BioCreative III GN Task Submission Instructions

Team ID: a team identifier was assigned when you registered at the BioCreative Website. Please find this id on your team page as you will need it for naming your submission files.

Test data: A total of 500 full text articles (from various BMC and PLoS journals) will be posted at the BioCreative Website for testing purpose on June 28, 2010. Same as in training data, both XML and PDF formats will be provided.

Deadline: GN results are due Friday July 2, 2010 (you have until 11:59 p.m. in the time zone of your choice).

GN results: each team can submit at most 3 runs. In each submitted run, GN results need to be returned in 3 tab-delimited fields in a separate text file:

PMC article identifier
Entrez Gene identifier
Ranking score

Please sort your results numerically first by the PMC id, followed by the ranking score, both in descending orders. It is your responsibility to submit results in a valid format, as described above. In order to verify that your result data is valid, you should run your system on the training data and evaluate the output with the Perl script “eval.pl” under the folder tap_1.1.
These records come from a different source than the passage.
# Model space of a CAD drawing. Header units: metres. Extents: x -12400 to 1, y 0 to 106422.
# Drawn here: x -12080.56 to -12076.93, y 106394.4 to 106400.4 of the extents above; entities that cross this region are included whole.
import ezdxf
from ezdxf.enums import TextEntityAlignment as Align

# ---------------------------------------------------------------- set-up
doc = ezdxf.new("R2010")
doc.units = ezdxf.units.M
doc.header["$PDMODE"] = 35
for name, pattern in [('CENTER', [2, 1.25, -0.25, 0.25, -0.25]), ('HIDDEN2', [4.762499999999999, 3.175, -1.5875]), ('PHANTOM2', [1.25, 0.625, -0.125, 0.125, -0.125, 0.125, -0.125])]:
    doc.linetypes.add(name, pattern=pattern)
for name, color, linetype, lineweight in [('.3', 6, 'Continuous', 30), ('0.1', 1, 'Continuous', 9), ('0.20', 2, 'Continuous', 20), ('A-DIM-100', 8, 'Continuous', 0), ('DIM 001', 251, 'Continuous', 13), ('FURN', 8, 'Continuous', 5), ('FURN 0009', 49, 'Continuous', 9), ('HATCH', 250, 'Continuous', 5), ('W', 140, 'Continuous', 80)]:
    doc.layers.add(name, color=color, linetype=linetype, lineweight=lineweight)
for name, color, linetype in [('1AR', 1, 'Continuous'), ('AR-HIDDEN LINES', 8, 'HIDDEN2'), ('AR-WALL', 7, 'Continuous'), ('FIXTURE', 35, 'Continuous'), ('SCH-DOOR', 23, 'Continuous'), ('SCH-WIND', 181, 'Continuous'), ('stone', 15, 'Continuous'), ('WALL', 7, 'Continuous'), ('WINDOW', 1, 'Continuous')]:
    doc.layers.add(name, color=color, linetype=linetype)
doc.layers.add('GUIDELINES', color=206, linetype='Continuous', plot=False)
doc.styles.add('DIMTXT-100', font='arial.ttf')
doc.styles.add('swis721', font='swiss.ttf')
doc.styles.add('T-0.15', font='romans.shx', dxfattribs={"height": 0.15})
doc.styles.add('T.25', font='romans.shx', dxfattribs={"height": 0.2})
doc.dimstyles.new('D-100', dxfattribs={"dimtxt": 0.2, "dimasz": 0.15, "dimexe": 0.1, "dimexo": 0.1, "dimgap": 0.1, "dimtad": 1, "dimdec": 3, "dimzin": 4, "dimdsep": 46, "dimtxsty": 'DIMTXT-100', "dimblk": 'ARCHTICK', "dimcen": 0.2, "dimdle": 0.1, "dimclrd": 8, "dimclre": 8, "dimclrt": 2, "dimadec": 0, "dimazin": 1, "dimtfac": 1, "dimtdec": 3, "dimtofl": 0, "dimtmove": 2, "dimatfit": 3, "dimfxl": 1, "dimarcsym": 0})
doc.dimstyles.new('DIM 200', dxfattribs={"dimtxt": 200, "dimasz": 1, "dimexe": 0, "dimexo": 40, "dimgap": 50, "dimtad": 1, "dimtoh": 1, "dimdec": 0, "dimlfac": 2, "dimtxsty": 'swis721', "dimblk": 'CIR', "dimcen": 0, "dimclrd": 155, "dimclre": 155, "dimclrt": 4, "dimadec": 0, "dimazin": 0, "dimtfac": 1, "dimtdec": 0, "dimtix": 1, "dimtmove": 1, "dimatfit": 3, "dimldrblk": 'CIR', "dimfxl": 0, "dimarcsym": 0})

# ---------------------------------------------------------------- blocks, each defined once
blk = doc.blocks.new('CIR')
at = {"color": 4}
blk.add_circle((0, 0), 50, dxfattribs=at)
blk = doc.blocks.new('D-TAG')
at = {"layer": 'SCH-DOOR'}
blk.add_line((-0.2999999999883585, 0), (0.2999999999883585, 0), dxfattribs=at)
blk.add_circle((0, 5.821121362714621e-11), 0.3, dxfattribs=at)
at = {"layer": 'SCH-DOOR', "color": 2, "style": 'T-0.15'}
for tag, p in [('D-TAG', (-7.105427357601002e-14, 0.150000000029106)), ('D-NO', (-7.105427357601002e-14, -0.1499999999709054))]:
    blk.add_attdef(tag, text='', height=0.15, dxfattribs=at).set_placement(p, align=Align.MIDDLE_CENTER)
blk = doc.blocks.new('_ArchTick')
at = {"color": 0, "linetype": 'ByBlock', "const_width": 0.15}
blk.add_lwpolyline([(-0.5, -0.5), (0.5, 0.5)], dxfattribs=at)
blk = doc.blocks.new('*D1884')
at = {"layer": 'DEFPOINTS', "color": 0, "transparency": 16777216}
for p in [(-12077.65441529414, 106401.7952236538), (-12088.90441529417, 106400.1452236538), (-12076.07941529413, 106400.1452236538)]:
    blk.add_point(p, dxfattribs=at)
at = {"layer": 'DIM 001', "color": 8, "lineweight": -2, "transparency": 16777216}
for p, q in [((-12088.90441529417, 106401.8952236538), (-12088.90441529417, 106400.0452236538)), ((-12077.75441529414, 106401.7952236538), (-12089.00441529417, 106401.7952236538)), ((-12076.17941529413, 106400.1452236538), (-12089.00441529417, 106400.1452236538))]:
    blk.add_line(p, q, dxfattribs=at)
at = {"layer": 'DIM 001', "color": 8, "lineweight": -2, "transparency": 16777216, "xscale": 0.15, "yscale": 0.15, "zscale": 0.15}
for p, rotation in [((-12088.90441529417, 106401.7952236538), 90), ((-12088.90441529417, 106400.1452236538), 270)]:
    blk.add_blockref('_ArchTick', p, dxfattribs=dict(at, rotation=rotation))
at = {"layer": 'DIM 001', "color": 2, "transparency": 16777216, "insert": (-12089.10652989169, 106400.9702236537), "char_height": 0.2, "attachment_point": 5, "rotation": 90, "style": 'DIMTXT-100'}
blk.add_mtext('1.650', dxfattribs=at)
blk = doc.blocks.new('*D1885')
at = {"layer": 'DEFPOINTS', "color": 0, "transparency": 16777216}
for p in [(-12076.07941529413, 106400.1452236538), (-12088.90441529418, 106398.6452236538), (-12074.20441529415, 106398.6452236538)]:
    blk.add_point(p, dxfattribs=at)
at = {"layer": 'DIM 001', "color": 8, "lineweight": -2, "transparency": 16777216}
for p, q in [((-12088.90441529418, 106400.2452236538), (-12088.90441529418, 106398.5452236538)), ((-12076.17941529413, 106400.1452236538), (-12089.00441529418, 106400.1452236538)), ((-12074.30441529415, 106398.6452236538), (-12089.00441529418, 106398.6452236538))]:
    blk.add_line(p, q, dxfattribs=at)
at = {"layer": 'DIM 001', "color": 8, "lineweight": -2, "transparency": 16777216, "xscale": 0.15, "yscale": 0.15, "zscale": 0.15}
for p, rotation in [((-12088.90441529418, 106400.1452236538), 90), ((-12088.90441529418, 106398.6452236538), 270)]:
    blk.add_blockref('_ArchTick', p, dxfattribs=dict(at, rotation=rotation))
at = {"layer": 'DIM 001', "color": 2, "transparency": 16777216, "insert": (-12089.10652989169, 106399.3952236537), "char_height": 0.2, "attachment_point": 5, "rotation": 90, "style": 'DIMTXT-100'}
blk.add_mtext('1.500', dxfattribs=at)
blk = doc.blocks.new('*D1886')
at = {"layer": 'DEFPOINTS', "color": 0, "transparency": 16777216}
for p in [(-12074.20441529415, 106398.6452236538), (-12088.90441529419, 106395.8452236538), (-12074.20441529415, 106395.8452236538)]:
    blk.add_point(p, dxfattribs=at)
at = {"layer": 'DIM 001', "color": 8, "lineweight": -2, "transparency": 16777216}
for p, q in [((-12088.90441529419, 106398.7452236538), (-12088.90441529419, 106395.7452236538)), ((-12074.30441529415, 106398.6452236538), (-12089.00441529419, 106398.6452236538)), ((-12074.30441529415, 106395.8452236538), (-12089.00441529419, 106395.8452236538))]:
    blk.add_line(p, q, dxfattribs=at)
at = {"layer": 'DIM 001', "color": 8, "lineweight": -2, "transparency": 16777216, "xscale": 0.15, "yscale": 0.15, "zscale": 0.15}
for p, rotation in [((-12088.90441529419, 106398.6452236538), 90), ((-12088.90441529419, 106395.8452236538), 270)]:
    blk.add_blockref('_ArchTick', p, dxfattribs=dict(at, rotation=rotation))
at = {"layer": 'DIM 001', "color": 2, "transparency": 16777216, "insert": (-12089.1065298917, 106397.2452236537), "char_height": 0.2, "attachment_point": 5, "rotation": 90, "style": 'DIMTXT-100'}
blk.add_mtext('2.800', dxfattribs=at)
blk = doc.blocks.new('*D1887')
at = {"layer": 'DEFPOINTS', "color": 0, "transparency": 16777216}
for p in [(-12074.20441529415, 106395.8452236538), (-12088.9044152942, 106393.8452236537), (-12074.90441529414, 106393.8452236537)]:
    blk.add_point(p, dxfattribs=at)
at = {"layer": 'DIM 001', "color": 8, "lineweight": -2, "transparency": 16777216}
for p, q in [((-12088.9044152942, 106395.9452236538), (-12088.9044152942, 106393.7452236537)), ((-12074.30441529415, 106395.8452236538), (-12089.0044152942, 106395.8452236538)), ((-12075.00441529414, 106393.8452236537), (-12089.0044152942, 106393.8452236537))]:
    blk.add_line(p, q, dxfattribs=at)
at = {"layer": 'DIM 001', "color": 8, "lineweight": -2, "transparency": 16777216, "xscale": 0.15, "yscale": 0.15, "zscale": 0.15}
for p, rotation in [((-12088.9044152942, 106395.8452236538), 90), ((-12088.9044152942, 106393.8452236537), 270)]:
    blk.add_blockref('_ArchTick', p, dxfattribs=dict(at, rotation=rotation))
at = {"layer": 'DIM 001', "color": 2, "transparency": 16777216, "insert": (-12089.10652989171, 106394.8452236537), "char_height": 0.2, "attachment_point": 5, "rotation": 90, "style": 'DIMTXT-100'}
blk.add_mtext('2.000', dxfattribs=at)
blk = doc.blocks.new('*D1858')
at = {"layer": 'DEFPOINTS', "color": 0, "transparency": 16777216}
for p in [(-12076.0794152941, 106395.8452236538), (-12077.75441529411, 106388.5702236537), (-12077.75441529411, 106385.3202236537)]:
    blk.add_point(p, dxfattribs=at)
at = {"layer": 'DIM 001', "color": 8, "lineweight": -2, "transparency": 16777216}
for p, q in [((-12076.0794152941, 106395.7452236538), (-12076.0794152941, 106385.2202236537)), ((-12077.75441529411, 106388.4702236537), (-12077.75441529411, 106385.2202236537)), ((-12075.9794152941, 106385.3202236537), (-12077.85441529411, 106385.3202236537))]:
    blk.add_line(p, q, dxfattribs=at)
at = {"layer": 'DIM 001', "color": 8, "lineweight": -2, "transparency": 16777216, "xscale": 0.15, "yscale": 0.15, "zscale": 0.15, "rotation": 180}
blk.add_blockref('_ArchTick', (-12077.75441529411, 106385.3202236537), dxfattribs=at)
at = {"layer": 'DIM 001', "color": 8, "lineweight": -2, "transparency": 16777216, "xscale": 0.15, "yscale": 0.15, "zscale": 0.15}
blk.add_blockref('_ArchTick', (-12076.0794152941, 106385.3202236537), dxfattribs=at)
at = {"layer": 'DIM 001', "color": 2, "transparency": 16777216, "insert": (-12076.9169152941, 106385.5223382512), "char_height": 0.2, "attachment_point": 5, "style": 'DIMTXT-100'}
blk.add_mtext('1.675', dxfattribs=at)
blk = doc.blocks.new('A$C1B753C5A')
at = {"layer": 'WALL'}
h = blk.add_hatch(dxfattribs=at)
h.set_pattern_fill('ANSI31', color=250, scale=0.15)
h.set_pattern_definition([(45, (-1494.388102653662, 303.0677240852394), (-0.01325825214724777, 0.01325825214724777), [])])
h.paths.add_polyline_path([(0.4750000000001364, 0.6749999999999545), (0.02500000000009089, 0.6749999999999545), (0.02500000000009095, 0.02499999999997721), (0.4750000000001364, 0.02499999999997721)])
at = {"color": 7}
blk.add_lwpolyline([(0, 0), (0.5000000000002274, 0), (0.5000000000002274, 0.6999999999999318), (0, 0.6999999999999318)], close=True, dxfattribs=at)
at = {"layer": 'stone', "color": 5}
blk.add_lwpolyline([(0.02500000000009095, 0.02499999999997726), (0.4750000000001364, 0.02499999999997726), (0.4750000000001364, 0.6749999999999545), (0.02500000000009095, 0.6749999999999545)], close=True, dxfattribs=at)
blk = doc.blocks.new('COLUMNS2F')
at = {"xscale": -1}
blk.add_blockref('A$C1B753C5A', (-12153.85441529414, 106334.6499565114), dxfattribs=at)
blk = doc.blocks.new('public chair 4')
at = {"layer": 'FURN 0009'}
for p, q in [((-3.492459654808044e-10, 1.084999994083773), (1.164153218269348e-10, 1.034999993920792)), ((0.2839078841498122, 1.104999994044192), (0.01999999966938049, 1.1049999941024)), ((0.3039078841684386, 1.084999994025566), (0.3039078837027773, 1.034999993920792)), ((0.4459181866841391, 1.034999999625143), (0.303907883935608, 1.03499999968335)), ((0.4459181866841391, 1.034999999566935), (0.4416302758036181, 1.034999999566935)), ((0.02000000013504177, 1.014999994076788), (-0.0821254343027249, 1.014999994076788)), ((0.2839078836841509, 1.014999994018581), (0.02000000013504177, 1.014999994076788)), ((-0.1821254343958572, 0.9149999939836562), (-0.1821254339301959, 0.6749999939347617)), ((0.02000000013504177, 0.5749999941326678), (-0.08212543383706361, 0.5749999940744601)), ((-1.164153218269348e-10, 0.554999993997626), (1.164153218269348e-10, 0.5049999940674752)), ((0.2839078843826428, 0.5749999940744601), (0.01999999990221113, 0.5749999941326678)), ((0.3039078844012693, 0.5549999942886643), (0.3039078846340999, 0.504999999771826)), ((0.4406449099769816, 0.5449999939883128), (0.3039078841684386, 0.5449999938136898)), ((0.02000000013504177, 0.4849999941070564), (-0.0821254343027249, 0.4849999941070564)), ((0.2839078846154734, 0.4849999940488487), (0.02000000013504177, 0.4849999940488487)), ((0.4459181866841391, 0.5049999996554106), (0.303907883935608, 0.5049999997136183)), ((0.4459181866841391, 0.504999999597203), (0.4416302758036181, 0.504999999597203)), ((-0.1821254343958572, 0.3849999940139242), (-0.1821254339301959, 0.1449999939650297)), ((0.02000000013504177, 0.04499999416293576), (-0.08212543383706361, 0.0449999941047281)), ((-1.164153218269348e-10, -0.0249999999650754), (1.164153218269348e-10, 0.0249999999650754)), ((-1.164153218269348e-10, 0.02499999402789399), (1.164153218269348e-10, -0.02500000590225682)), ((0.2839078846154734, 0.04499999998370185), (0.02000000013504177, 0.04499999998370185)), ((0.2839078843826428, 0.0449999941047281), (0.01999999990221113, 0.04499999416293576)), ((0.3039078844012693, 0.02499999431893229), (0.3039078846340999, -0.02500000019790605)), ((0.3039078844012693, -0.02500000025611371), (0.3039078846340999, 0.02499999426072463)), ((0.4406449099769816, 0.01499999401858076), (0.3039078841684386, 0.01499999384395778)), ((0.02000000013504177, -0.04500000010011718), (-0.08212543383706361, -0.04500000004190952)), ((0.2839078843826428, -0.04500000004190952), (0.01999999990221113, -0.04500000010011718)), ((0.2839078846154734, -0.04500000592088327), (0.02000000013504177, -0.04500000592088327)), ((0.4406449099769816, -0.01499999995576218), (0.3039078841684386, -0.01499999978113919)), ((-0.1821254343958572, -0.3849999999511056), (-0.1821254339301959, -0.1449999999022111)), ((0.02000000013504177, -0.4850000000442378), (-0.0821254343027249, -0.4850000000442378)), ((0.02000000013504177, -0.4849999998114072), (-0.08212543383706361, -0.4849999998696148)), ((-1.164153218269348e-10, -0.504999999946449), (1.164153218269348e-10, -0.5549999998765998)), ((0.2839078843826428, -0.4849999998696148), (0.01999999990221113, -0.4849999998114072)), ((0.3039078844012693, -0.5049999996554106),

How to submit: please name your submission files to the following:
bc3gn_t_r.txt
For instance, the second submitted run from Team #18 should be named as:
bc3gn_t18_r2.txt
Please email your results (as .txt attachments) to:

Zhiyong Lu (luzh@ncbi.nlm.nih.gov) AND
John Wilbur (wilbur@ncbi.nlm.nih.gov)

System description: Participating teams are required to submit a short (1-2 pages) system description by July 16. The description should provide an overview of the approach used – please follow the template/questionnaire below. The description will be linked by team ID to the results for the GN task, to be distributed at the workshop. The description must be submitted to receive scores.

Team identifier
Please identify/describe any machine learning techniques used.
Please identify/describe any NLP techniques/components used.
Please identify/describe any external (marked up text) training data used.
Please identify/describe any external lexical resources (terminology lists) used.
Please describe any rule sets used.
Please describe if your system interacts with or uses data from any biological database(s).
Please identify/describe any other relevant resources used to train/develop your system.
Please describe the general data flow in your system.
Other information of interest.

Links:

References:

Hirschman L., et al., Overview of BioCreAtIvE task 1B: normalized gene lists. BMC Bioinformatics, 2005. 6 Suppl 1: p. S11.
Morgan AA, et al., Overview of BioCreative II gene normalization. Genome Biology, 2008; 9 Suppl 2:S3.